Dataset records
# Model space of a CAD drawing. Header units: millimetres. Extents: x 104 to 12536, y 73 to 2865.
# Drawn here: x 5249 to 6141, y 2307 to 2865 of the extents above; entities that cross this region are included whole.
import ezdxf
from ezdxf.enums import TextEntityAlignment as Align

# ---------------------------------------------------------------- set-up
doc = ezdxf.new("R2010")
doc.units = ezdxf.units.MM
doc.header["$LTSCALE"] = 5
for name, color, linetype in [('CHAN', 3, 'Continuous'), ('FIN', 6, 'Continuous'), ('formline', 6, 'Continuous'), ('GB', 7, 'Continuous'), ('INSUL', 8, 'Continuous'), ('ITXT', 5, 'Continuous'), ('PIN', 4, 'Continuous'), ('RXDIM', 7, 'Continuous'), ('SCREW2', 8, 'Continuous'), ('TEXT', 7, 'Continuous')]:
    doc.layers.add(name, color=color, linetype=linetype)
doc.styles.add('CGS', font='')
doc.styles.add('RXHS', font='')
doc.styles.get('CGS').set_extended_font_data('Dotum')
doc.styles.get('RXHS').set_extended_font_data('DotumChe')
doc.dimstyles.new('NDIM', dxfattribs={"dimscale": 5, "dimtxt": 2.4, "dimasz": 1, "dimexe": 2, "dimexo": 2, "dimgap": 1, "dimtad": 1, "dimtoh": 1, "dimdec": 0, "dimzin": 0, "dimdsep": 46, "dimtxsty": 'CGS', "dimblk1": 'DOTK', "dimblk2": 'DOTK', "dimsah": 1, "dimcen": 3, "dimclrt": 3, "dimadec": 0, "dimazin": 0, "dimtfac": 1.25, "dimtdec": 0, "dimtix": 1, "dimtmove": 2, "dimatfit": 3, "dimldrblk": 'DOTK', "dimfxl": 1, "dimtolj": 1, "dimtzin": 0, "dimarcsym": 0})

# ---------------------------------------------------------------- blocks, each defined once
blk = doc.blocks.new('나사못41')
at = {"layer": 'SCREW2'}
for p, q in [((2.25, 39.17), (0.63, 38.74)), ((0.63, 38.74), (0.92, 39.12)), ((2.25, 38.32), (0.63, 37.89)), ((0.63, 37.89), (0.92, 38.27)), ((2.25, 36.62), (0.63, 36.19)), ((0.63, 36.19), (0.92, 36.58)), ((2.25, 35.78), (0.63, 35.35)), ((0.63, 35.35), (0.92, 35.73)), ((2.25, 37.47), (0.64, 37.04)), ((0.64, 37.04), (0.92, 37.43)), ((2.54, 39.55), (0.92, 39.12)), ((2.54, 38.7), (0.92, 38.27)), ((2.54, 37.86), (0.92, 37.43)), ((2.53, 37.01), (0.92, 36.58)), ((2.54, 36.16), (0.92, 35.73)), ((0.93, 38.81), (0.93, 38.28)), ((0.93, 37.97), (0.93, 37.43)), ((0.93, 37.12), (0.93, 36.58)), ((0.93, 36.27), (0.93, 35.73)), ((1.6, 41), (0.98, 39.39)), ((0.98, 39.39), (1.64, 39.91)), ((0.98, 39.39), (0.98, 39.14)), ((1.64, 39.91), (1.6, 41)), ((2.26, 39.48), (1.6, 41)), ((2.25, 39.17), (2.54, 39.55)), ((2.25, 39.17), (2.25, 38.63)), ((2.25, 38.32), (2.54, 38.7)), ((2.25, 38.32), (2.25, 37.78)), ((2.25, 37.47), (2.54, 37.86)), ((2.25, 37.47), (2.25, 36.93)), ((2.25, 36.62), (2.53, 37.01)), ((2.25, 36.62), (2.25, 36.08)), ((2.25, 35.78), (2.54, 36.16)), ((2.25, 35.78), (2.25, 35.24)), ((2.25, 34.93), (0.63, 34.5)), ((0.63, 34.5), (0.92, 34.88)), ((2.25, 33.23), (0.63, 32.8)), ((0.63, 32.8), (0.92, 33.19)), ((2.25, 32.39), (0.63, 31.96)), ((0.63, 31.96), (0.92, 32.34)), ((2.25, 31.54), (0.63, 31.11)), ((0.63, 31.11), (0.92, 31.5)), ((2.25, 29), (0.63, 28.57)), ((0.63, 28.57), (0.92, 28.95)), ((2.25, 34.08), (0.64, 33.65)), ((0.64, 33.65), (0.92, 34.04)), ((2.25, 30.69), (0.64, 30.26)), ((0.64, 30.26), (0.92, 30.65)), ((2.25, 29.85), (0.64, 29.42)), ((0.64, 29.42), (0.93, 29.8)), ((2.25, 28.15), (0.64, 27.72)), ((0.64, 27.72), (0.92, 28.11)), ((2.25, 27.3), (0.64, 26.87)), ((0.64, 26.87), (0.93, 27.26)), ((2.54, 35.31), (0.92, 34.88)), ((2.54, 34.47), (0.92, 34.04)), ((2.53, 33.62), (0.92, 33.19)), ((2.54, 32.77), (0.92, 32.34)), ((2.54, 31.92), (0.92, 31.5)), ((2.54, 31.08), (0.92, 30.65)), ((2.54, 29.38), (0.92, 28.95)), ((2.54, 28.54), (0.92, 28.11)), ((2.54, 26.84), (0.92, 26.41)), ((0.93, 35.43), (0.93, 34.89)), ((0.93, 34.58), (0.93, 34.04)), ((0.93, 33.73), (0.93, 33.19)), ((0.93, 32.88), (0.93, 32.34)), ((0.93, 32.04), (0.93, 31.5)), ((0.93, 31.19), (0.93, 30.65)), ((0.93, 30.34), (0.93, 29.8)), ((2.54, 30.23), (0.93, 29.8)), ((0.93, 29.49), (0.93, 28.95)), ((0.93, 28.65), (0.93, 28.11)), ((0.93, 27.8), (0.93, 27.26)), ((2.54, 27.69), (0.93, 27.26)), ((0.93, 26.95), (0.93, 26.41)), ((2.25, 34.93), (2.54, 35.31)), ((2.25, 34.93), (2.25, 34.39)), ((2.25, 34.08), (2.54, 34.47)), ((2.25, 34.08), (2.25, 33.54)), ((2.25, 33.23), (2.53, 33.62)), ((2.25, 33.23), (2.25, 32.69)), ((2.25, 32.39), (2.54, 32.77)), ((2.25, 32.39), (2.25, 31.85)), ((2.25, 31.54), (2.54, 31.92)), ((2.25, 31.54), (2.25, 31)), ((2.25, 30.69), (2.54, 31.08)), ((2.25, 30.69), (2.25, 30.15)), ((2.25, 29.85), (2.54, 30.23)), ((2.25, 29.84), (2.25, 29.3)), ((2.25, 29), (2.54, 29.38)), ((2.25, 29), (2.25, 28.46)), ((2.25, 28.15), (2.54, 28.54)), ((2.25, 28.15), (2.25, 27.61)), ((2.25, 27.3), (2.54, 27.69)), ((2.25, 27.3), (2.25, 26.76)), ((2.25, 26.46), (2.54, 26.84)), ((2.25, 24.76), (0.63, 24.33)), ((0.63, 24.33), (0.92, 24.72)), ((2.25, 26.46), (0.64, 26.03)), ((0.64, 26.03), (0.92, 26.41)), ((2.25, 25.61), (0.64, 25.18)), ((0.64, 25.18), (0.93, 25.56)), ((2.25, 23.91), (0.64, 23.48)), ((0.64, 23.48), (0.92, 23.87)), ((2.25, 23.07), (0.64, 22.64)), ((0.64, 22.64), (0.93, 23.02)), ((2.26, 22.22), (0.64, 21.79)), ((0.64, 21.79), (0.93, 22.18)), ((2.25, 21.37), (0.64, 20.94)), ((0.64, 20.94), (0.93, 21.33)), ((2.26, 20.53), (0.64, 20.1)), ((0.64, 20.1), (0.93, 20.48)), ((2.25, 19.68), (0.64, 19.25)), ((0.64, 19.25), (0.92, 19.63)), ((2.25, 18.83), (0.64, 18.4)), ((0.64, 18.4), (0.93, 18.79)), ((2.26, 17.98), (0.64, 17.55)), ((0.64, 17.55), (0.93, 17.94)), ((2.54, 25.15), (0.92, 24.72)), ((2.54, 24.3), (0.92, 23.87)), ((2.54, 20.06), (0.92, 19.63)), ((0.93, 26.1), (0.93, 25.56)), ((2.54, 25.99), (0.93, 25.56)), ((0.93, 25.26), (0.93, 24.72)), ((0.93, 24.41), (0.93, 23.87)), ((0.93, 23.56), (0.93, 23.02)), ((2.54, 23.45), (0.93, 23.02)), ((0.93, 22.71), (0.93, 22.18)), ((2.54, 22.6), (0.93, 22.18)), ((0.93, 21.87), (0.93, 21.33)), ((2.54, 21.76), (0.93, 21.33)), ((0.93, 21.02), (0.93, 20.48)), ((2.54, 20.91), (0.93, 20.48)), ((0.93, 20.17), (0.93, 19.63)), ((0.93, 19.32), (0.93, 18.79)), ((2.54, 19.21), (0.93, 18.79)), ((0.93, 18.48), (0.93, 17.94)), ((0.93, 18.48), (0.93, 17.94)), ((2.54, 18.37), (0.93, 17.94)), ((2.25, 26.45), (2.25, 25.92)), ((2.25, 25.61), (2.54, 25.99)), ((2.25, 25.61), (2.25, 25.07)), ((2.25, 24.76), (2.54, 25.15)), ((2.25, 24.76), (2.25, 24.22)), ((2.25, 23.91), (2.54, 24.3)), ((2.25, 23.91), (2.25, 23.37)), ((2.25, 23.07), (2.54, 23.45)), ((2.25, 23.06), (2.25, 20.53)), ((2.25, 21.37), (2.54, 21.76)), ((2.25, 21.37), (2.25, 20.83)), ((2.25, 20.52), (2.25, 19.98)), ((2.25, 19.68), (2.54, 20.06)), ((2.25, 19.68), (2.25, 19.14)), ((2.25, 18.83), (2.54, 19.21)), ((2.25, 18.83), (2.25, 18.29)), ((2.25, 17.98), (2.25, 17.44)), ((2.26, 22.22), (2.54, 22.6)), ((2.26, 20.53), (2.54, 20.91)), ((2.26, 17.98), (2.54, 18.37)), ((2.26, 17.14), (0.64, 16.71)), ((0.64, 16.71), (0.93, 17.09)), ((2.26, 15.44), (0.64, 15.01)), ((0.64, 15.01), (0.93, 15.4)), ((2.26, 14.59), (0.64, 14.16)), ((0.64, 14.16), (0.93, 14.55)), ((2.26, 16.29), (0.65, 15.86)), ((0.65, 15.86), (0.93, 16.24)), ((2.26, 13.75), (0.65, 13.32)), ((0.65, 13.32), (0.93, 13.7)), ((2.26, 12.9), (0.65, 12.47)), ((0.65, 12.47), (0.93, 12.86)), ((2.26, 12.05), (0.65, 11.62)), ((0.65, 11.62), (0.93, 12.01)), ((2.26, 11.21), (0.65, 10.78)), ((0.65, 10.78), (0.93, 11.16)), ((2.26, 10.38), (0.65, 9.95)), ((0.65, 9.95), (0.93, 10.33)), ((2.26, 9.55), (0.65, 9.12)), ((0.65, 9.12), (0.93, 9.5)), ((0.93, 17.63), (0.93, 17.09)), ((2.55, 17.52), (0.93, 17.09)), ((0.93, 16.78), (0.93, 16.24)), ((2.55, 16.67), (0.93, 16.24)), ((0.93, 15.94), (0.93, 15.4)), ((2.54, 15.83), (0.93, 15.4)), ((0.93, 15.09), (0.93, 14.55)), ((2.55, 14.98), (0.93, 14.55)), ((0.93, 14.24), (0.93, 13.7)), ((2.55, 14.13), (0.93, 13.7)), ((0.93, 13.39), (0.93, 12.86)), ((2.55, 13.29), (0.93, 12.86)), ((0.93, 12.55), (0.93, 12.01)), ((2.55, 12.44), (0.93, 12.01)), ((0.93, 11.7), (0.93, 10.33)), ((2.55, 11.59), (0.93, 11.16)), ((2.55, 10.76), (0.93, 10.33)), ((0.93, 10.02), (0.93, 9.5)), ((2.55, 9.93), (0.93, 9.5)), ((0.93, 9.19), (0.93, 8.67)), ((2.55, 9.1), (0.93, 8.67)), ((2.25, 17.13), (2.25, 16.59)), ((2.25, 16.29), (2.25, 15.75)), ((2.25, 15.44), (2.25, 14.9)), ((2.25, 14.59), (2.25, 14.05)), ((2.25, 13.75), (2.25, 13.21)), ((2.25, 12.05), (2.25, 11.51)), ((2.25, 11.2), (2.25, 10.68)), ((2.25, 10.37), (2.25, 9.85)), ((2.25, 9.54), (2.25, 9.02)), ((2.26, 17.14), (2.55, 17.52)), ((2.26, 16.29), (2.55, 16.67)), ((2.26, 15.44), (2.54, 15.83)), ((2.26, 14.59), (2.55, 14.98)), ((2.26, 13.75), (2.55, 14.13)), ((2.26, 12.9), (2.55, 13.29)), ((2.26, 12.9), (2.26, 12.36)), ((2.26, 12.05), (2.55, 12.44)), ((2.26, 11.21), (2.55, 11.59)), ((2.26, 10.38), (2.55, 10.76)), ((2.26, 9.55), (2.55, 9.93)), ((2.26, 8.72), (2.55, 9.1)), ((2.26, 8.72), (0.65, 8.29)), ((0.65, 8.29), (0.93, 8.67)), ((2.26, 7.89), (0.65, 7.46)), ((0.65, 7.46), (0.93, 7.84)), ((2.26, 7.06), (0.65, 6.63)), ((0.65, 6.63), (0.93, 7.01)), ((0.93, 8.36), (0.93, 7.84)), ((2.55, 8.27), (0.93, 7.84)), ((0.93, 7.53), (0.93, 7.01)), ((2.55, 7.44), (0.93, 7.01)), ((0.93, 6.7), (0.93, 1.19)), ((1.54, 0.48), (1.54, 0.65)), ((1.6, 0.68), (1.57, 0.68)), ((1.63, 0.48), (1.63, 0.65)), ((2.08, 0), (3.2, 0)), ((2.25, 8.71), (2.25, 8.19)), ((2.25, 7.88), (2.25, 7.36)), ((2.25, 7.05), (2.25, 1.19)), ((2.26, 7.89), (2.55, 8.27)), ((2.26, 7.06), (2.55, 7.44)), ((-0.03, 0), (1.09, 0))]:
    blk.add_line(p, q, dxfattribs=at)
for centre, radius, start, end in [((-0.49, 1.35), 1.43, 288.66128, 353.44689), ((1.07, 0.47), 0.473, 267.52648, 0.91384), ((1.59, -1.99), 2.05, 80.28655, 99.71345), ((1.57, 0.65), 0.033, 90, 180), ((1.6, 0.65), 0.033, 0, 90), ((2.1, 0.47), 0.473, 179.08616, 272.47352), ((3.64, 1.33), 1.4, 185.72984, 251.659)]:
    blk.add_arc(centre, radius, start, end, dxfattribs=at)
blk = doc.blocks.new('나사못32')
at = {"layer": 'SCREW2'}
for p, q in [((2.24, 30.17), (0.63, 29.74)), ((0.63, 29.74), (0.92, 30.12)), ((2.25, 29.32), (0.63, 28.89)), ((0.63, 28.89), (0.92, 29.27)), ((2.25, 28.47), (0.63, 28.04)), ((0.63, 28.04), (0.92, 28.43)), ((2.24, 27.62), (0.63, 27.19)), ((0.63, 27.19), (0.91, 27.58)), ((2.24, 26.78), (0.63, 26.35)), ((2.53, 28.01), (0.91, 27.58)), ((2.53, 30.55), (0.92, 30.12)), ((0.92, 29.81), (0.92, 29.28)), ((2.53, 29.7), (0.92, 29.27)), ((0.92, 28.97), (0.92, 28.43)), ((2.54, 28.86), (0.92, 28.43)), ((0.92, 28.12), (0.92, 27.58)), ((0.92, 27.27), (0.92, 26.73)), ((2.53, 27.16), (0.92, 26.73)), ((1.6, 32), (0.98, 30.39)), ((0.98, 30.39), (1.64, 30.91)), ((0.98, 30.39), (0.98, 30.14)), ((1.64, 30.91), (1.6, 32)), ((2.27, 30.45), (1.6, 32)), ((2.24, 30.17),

§ PROBLEM DETAILS
Each line of the entries above that contains "radius" must be copied into the answer.

§ PROBLEM SOLUTION
for centre, radius, start, end in [((-0.49, 1.35), 1.43, 288.66128, 353.44689), ((1.07, 0.47), 0.473, 267.52648, 0.91384), ((1.59, -1.99), 2.05, 80.28655, 99.71345), ((1.57, 0.65), 0.033, 90, 180), ((1.6, 0.65), 0.033, 0, 90), ((2.1, 0.47), 0.473, 179.08616, 272.47352), ((3.64, 1.33), 1.4, 185.72984, 251.659)]:
    blk.add_arc(centre, radius, start, end, dxfattribs=at)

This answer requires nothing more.